What is Multiple Sclerosis (MS) ?
Multiple Sclerosis (MS) is an autoimmune disease that produces antibodies against components of the myelin sheath that surrounds that nerve fibers causing demyelination, causes communication problems between your brain and the rest of your body. Eventually, the disease can cause permanent damage or deterioration of the nerves.
There are four clinical subtypes of multiple sclerosis (MS):
Clinically isolated syndrome (CIS): a patient’s initial symptom characteristic of CNS demyelination that may be due to MS but does not fulfill the criteria of dissemination in time. Approximately 60% of individuals diagnosed with CIS will later relapse and be diagnosed with MS.
Relapsing-remitting multiple sclerosis (RRMS): episodic flare-ups occurring over days to weeks between periods of neurologic stability. During attacks, new symptoms may present, whereas previous symptoms may worsen.
Secondary progressive multiple sclerosis (SPMS): a gradual decline in disease status after an initial relapsing-remitting disease course. Progressive phase may be associated with acute exacerbations. SPMS is often diagnosed retrospectively.
Primary progressive multiple sclerosis (PPMS): a progressive decline in disease status and accumulation of disability from onset of disease without an initial relapsing-remitting disease course.
MS is a complex condition that is multifactorial, and although advances in genomics and immunology have increased our understanding of the disease process, much is yet to be discovered. It most often affects Caucasian women in their 2nd and 3rd generations of life and is more common in those with first-degree relatives with the disease.
Women (worldwide): 3.6 cases/100,000 person-years
Men (worldwide): 2.0 cases/100,000 person-years.
- T-cells and B-cells are excessively produced against the myelin sheath.
- Dysregulation and mistaken antigen identity lead CD4 T-cells to cross the blood–brain barrier and recognize proteins on the surface of the myelin sheath.

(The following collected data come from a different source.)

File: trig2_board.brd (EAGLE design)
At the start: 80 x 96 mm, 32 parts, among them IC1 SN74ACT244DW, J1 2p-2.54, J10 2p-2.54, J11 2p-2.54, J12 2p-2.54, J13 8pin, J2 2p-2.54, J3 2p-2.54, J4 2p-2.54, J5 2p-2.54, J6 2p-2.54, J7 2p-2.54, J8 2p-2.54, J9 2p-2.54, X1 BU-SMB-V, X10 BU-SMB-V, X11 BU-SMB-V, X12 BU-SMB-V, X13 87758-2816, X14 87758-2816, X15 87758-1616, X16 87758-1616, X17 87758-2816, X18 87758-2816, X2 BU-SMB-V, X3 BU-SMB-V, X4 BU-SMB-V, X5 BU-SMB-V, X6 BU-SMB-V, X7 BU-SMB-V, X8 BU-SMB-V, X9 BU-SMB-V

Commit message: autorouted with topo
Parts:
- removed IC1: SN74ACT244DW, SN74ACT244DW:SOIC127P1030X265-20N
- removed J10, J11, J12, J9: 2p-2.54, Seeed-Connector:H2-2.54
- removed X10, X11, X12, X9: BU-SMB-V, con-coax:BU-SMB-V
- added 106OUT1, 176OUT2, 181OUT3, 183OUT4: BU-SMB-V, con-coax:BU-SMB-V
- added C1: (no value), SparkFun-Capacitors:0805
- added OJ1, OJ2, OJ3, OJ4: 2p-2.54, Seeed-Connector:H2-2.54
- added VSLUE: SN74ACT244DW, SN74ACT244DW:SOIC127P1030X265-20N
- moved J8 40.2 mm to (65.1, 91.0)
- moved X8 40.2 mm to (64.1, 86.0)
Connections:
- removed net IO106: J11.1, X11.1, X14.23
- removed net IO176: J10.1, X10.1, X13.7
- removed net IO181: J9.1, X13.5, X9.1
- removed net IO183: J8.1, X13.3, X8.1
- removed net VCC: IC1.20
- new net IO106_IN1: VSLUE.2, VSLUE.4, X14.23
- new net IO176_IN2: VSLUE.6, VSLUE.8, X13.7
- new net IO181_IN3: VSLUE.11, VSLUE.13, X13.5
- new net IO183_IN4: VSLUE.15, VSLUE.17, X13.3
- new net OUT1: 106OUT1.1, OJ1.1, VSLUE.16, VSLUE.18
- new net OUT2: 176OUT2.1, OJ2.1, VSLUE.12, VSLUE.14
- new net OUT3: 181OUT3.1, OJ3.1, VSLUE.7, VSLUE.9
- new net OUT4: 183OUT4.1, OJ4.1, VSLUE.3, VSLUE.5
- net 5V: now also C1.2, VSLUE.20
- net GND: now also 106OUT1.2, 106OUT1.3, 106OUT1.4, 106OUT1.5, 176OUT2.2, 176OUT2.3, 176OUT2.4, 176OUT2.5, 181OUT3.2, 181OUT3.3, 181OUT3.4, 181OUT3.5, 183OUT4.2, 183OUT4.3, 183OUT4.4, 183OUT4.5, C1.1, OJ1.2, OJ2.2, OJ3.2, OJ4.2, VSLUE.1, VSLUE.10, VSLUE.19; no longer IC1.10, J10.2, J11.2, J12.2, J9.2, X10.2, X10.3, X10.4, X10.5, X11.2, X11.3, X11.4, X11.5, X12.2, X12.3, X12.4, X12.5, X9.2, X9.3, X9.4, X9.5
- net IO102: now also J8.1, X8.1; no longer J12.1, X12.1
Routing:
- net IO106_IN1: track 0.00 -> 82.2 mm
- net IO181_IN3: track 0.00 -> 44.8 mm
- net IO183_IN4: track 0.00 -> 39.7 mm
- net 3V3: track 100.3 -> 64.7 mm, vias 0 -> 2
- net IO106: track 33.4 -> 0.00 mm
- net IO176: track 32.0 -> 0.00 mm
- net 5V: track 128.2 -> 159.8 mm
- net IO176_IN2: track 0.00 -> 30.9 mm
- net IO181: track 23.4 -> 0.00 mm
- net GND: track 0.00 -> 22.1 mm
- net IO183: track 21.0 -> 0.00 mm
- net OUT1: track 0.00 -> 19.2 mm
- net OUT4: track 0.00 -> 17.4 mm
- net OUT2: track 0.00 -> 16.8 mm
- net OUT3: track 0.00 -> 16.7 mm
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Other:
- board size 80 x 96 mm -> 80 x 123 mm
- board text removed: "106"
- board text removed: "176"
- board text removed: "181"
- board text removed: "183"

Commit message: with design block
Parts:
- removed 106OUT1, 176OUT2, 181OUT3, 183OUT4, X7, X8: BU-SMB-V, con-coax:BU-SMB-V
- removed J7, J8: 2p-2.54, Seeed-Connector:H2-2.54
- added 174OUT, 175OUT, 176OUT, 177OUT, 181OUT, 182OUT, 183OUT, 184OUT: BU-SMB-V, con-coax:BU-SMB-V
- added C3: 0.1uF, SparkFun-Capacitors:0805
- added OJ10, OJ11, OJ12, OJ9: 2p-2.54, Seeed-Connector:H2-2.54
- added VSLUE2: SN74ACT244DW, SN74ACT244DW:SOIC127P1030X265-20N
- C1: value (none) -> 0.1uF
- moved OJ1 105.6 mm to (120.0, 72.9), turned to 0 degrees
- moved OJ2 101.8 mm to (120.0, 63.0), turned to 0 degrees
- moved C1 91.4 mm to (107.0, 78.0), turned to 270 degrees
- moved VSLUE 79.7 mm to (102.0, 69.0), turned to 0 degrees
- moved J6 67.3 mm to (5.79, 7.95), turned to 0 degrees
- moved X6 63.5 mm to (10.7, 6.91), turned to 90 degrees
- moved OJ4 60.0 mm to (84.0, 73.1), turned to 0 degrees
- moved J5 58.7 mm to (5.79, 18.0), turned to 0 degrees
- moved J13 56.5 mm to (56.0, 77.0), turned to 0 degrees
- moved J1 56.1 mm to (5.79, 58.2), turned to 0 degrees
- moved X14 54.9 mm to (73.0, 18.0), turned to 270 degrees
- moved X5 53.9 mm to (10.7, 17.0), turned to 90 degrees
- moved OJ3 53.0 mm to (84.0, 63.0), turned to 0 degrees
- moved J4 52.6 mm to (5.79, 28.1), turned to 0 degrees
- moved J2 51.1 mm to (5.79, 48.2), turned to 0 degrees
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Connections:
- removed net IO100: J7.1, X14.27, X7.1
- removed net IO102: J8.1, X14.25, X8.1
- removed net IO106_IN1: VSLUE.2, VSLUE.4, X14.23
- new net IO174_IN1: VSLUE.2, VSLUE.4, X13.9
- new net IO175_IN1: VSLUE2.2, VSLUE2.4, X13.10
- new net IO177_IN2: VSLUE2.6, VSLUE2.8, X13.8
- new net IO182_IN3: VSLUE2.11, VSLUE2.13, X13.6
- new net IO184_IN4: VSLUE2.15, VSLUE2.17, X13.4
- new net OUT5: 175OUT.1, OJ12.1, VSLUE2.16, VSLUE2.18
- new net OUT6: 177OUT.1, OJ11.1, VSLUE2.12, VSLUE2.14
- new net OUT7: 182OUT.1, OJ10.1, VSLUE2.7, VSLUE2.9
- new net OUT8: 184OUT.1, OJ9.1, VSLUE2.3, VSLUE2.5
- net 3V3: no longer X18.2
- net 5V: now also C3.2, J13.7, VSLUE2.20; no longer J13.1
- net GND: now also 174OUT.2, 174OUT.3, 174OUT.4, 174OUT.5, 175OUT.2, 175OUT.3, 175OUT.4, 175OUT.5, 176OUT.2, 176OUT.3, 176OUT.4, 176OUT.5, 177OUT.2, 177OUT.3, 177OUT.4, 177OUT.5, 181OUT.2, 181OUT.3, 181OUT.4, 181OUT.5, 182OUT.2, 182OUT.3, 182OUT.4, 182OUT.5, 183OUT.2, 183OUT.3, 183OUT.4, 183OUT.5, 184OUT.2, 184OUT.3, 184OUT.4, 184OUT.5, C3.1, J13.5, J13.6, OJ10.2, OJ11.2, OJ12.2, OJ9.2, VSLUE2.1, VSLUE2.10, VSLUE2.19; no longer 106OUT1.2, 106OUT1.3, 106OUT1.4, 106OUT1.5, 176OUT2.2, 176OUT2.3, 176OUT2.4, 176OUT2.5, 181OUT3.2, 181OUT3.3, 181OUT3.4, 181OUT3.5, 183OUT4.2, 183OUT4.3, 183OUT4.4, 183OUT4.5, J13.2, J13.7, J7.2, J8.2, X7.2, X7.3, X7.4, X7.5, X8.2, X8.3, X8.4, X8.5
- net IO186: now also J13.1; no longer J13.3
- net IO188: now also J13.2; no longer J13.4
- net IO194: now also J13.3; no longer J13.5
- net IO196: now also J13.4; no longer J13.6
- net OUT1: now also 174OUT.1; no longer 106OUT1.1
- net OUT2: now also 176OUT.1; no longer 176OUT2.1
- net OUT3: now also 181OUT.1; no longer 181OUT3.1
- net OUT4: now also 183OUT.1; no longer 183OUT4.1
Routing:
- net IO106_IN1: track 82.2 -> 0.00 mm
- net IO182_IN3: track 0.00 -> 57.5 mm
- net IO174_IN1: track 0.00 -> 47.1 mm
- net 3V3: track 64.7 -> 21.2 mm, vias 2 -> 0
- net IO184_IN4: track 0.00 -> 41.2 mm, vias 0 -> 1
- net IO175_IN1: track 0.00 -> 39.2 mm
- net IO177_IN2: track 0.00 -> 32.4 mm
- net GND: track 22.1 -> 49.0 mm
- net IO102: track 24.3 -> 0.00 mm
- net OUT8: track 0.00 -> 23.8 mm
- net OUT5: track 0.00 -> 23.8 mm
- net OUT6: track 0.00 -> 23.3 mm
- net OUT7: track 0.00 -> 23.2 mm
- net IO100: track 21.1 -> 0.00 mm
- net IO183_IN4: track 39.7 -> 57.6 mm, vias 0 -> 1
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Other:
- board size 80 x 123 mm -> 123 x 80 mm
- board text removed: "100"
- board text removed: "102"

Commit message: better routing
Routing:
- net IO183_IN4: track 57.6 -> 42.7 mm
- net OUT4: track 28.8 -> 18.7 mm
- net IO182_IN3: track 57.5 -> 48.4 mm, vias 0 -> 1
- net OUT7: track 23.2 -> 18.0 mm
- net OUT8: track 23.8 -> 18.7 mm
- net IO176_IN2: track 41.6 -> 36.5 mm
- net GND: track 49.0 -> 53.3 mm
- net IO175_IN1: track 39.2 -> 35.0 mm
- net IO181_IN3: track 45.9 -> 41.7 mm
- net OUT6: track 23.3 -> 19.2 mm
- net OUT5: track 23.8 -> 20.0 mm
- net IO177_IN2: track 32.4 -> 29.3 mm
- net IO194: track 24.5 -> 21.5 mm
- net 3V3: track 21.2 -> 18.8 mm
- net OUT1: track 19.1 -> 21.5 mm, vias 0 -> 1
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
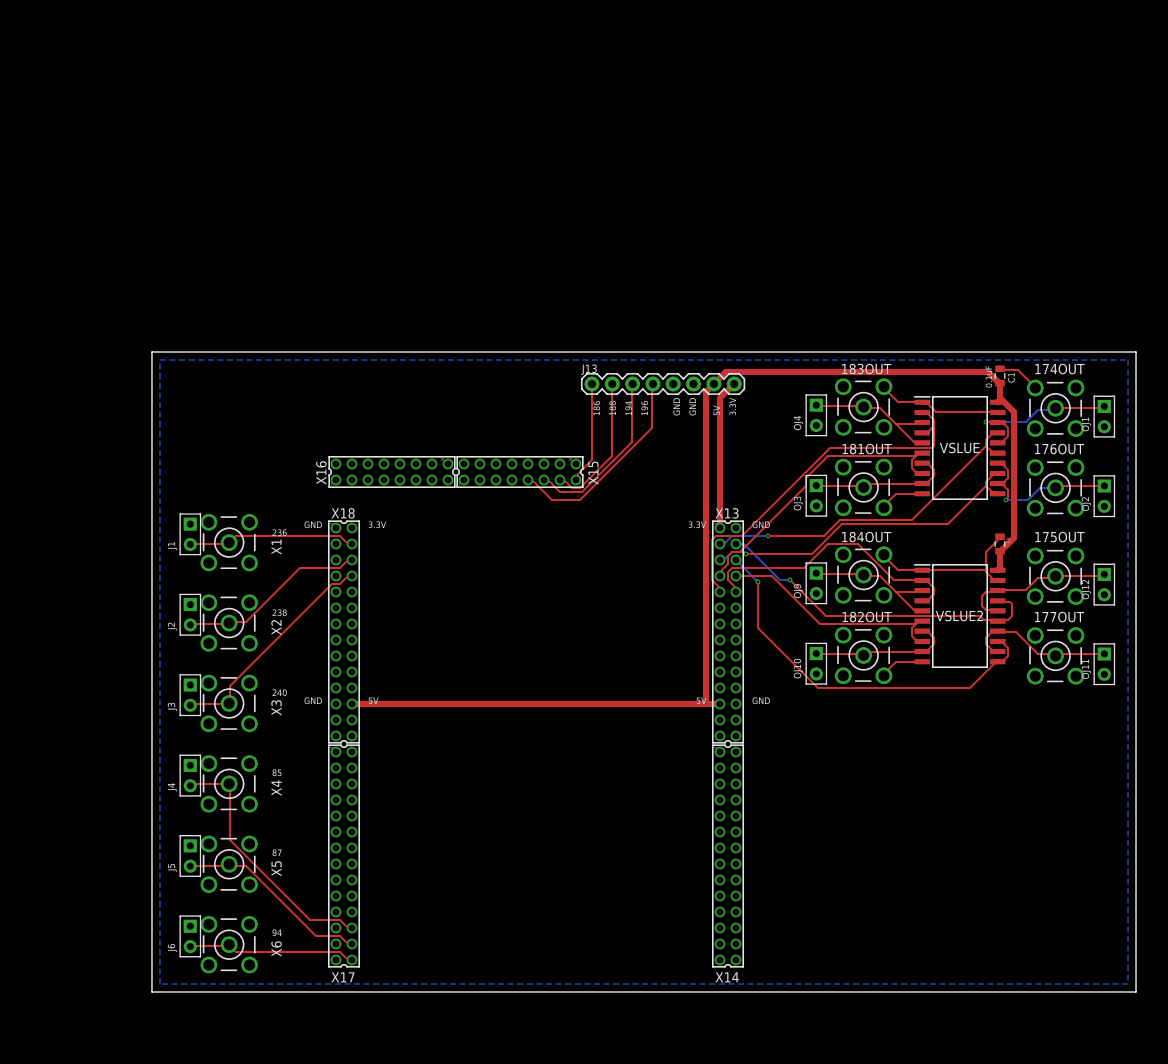
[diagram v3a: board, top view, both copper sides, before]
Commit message: 16 inputs and 16 outputs
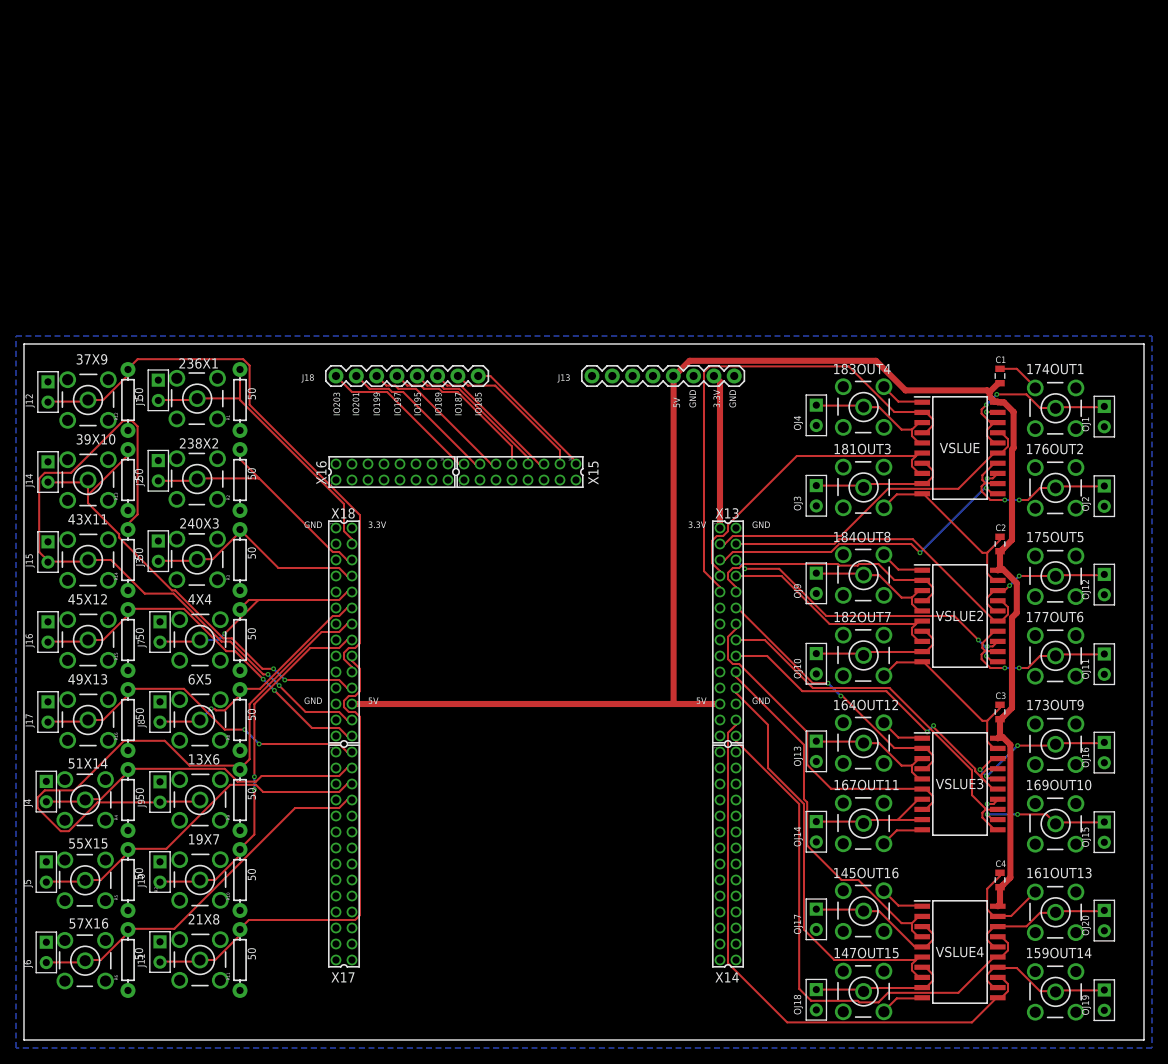
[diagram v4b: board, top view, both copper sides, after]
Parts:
- removed X1, X2, X3, X4, X5, X6: BU-SMB-V, con-coax:BU-SMB-V
- added 13X6, 145OUT16, 147OUT15, 159OUT14, 161OUT13, 164OUT12, 167OUT11, 169OUT10, 173OUT9, 19X7, 21X8, 236X1, 238X2, 240X3, 37X9, 39X10, 43X11, 45X12, 49X13, 4X4, 51X14, 55X15, 57X16, 6X5: BU-SMB-V, con-coax:BU-SMB-V
- added C2, C4: 0.1uF, SparkFun-Capacitors:0805
- added J10, J11, J12, J14, J15, J16, J17, J7, J8, J9, OJ13, OJ14, OJ15, OJ16, OJ17, OJ18, OJ19, OJ20: 2p-2.54, Seeed-Connector:H2-2.54
- added J18: 8pin, SparkFun-Connectors:1X08
- added R1, R10, R11, R12, R13, R14, R15, R16, R2, R3, R4, R5, R6, R7, R8, R9: 50, SparkFun-Passives:AXIAL-0.3
- added VSLUE3, VSLUE4: SN74ACT244DW, SN74ACT244DW:SOIC127P1030X265-20N
- moved C3 21.0 mm to (107.0, 36.0)
- moved J2 18.4 mm to (1.79, 66.2)
- moved J3 18.4 mm to (1.79, 56.1)
- moved J1 18.4 mm to (1.79, 76.2)
- moved J4 18.1 mm to (-12.2, 26.1)
- moved J5 18.1 mm to (-12.2, 16.0)
- moved J6 18.1 mm to (-12.2, 5.95)
- moved J13 1.00 mm to (56.0, 78.0)
- renumbered 174OUT to 174OUT1, 175OUT to 175OUT5, 176OUT to 176OUT2, 177OUT to 177OUT6, 181OUT to 181OUT3, 182OUT to 182OUT7, 183OUT to 183OUT4, 184OUT to 184OUT8
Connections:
- removed net IO186: J13.1, X15.15
- removed net IO188: J13.2, X15.13
- removed net IO194: J13.3, X15.11
- removed net IO196: J13.4, X15.9
- removed net IO85: J4.2, X17.24, X4.1
- removed net IO87: J5.2, X17.26, X5.1
- removed net IO94: J6.2, X17.28, X6.1
- new net IO13: 13X6.1, J9.2, R9.P$2, X18.14
- new net IO145_IN4: VSLUE4.15, VSLUE4.17, X13.28
- new net IO147_IN3: VSLUE4.11, VSLUE4.13, X13.26
- new net IO159_IN2: VSLUE4.6, VSLUE4.8, X13.22
- new net IO161_IN1: VSLUE4.2, VSLUE4.4, X13.20
- new net IO164_IN4: VSLUE3.15, VSLUE3.17, X13.18
- new net IO167_IN3: VSLUE3.11, VSLUE3.13, X13.16
- new net IO169_IN2: VSLUE3.6, VSLUE3.8, X13.14
- new net IO173_IN1: VSLUE3.2, VSLUE3.4, X13.12
- new net IO185: J18.8, X15.16
- new net IO187: J18.7, X15.14
- new net IO189: J18.6, X15.12
- new net IO19: 19X7.1, J10.2, R10.P$2, X18.16
- new net IO195: J18.5, X15.10
- new net IO197: J18.4, X15.8
- new net IO199: J18.3, X15.6
- new net IO201: J18.2, X15.4
- new net IO203: J18.1, X15.2
- new net IO21: 21X8.1, J11.2, R11.P$2, X18.18
- new net IO37: 37X9.1, J12.2, R12.P$2, X18.20
- new net IO39: 39X10.1, J14.2, R13.P$2, X18.22
- new net IO4: 4X4.1, J7.2, R7.P$2, X18.10
- new net IO43: 43X11.1, J15.2, R14.P$2, X18.26
- new net IO45: 45X12.1, J16.2, R15.P$2, X18.28
- new net IO49: 49X13.1, J17.2, R16.P$2, X17.2
- new net IO51: 51X14.1, J4.2, R4.P$2, X17.4
- new net IO55: 55X15.1, J5.2, R5.P$2, X17.6
- new net IO57: 57X16.1, J6.2, R6.P$2, X17.8
- new net IO6: 6X5.1, J8.2, R8.P$2, X18.12
- new net OUT10: 169OUT10.1, OJ15.1, VSLUE3.12, VSLUE3.14
- new net OUT11: 167OUT11.1, OJ14.1, VSLUE3.7, VSLUE3.9
- new net OUT12: 164OUT12.1, OJ13.1, VSLUE3.3, VSLUE3.5
- new net OUT13: 161OUT13.1, OJ20.1, VSLUE4.16, VSLUE4.18
- new net OUT14: 159OUT14.1, OJ19.1, VSLUE4.12, VSLUE4.14
- new net OUT15: 147OUT15.1, OJ18.1, VSLUE4.7, VSLUE4.9
- new net OUT16: 145OUT16.1, OJ17.1, VSLUE4.3, VSLUE4.5
- new net OUT9: 173OUT9.1, OJ16.1, VSLUE3.16, VSLUE3.18
- net 3V3: now also J13.7; no longer J13.8
- net 5V: now also C2.2, C4.2, J13.5, VSLUE3.20, VSLUE4.20; no longer J13.7
- net GND: now also 13X6.2, 13X6.3, 13X6.4, 13X6.5, 145OUT16.2, 145OUT16.3, 145OUT16.4, 145OUT16.5, 147OUT15.2, 147OUT15.3, 147OUT15.4, 147OUT15.5, 159OUT14.2, 159OUT14.3, 159OUT14.4, 159OUT14.5, 161OUT13.2, 161OUT13.3, 161OUT13.4, 161OUT13.5, 164OUT12.2, 164OUT12.3, 164OUT12.4, 164OUT12.5, 167OUT11.2, 167OUT11.3, 167OUT11.4, 167OUT11.5, 169OUT10.2, 169OUT10.3, 169OUT10.4, 169OUT10.5, 173OUT9.2, 173OUT9.3, 173OUT9.4, 173OUT9.5, 19X7.2, 19X7.3, 19X7.4, 19X7.5, 21X8.2, 21X8.3, 21X8.4, 21X8.5, 236X1.2, 236X1.3, 236X1.4, 236X1.5, 238X2.2, 238X2.3, 238X2.4, 238X2.5, 240X3.2, 240X3.3, 240X3.4, 240X3.5, 37X9.2, 37X9.3, 37X9.4, 37X9.5, 39X10.2, 39X10.3, 39X10.4, 39X10.5, 43X11.2, 43X11.3, 43X11.4, 43X11.5, 45X12.2, 45X12.3, 45X12.4, 45X12.5, 49X13.2, 49X13.3, 49X13.4, 49X13.5, 4X4.2, 4X4.3, 4X4.4, 4X4.5, 51X14.2, 51X14.3, 51X14.4, 51X14.5, 55X15.2, 55X15.3, 55X15.4, 55X15.5, 57X16.2, 57X16.3, 57X16.4, 57X16.5, 6X5.2, 6X5.3, 6X5.4, 6X5.5, C2.1, C4.1, J10.1, J11.1, J12.1, J13.8, J14.1, J15.1, J16.1, J17.1, J7.1, J8.1, J9.1, OJ13.2, OJ14.2, OJ15.2, OJ16.2, OJ17.2, OJ18.2, OJ19.2, OJ20.2, R1.P$1, R10.P$1, R11.P$1, R12.P$1, R13.P$1, R14.P$1, R15.P$1, R16.P$1, R2.P$1, R3.P$1, R4.P$1, R5.P$1, R6.P$1, R7.P$1, R8.P$1, R9.P$1, VSLUE3.1, VSLUE3.10, VSLUE3.19, VSLUE4.1, VSLUE4.10, VSLUE4.19; no longer J13.5, X1.2, X1.3, X1.4, X1.5, X2.2, X2.3, X2.4, X2.5, X3.2, X3.3, X3.4, X3.5, X4.2, X4.3, X4.4, X4.5, X5.2, X5.3, X5.4, X5.5, X6.2, X6.3, X6.4, X6.5
- net IO236: now also 236X1.1, R1.P$2; no longer X1.1
- net IO238: now also 238X2.1, R2.P$2; no longer X2.1
- net IO240: now also 240X3.1, R3.P$2; no longer X3.1
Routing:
- net IO43: track 0.00 -> 86.3 mm, vias 0 -> 2
- net IO13: track 0.00 -> 80.5 mm
- net IO37: track 0.00 -> 74.0 mm
- net IO147_IN3: track 0.00 -> 73.0 mm
- net IO145_IN4: track 0.00 -> 66.9 mm
- net IO21: track 0.00 -> 63.3 mm
- net IO39: track 0.00 -> 58.7 mm, vias 0 -> 2
- net IO159_IN2: track 0.00 -> 53.3 mm
- net 5V: track 149.2 -> 202.2 mm
- net IO45: track 0.00 -> 47.8 mm, vias 0 -> 2
- net GND: track 53.3 -> 100.8 mm, vias 0 -> 1
- net IO57: track 0.00 -> 47.5 mm
- net IO167_IN3: track 0.00 -> 47.1 mm
- net IO161_IN1: track 0.00 -> 46.6 mm
- net IO19: track 0.00 -> 46.6 mm, vias 0 -> 2
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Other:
- board size 123 x 80 mm -> 140 x 87 mm
- board text added: "IO185"
- board text added: "IO187"
- board text added: "IO189"
- board text added: "IO195"
- board text added: "IO197"
- board text added: "IO199"
- board text added: "IO201"
- board text added: "IO203"
- board text removed: "186"
- board text removed: "188"
- board text removed: "194"
- board text removed: "196"
- board text removed: "236"
- board text removed: "238"
- board text removed: "240"
- board text removed: "85"
- board text removed: "87"
- board text removed: "94"

- Cytokines, interferon-γ, and tumor necrosis factor-α are subsequently released, and activation of macrophages and B-cells leads to myelin destruction.
- Age: peak incidence ages 15 to 45 years, mean age 28 to 31 years (slightly earlier in women than men)
- Race: Caucasian > African Caribbean > East-Asian
- Gender: 2 to 3 times more common in women
- Infectious: prior infections with Epstein-Barr virus and history of infectious mononucleosis
- Gait disturbance
- Foot drop
- Hyperesthesia or paresthesia
- Cerebellar dysarthria (scanning speech)
- Spasticity (especially in lower extremities)
- Uhthoff phenomenon: Symptoms worsen with exposure to higher than usual temperature.
- Lhermitte sign: electric-like shocks extending down the spine caused by neck movement, especially flexion
- MRI of head/spine: Periventricular and callosal lesions are relatively specific for MS.
- Lumbar puncture: Cerebrospinal fluid can reveal elevated or normal total protein levels. Oligoclonal immunoglobulin G bands are seen in approximately 90% of MS but may be absent early in the disease process. Positive findings are not diagnostic for MS but may be beneficial if other diagnostic criteria are equivocal.
- Blood tests: Antinuclear antibody, antineutrophil cytoplasmic antibody, anti–double-stranded DNA antibody, extractable nuclear antigen, antiphospholipid antibody, compliment, erythrocyte sedimentation rate, immunoglobulin G, immunoglobulin M, rheumatoid factor, and Lyme disease antibody can be used to rule out alternative diagnosis.
Acute relapse treatment of Multiple Sclerosis
Methylprednisolone 0.5 g PO daily for 5 days or 1 g IV daily for 3 to 5 days; without subsequent oral tapering; a second course may be given.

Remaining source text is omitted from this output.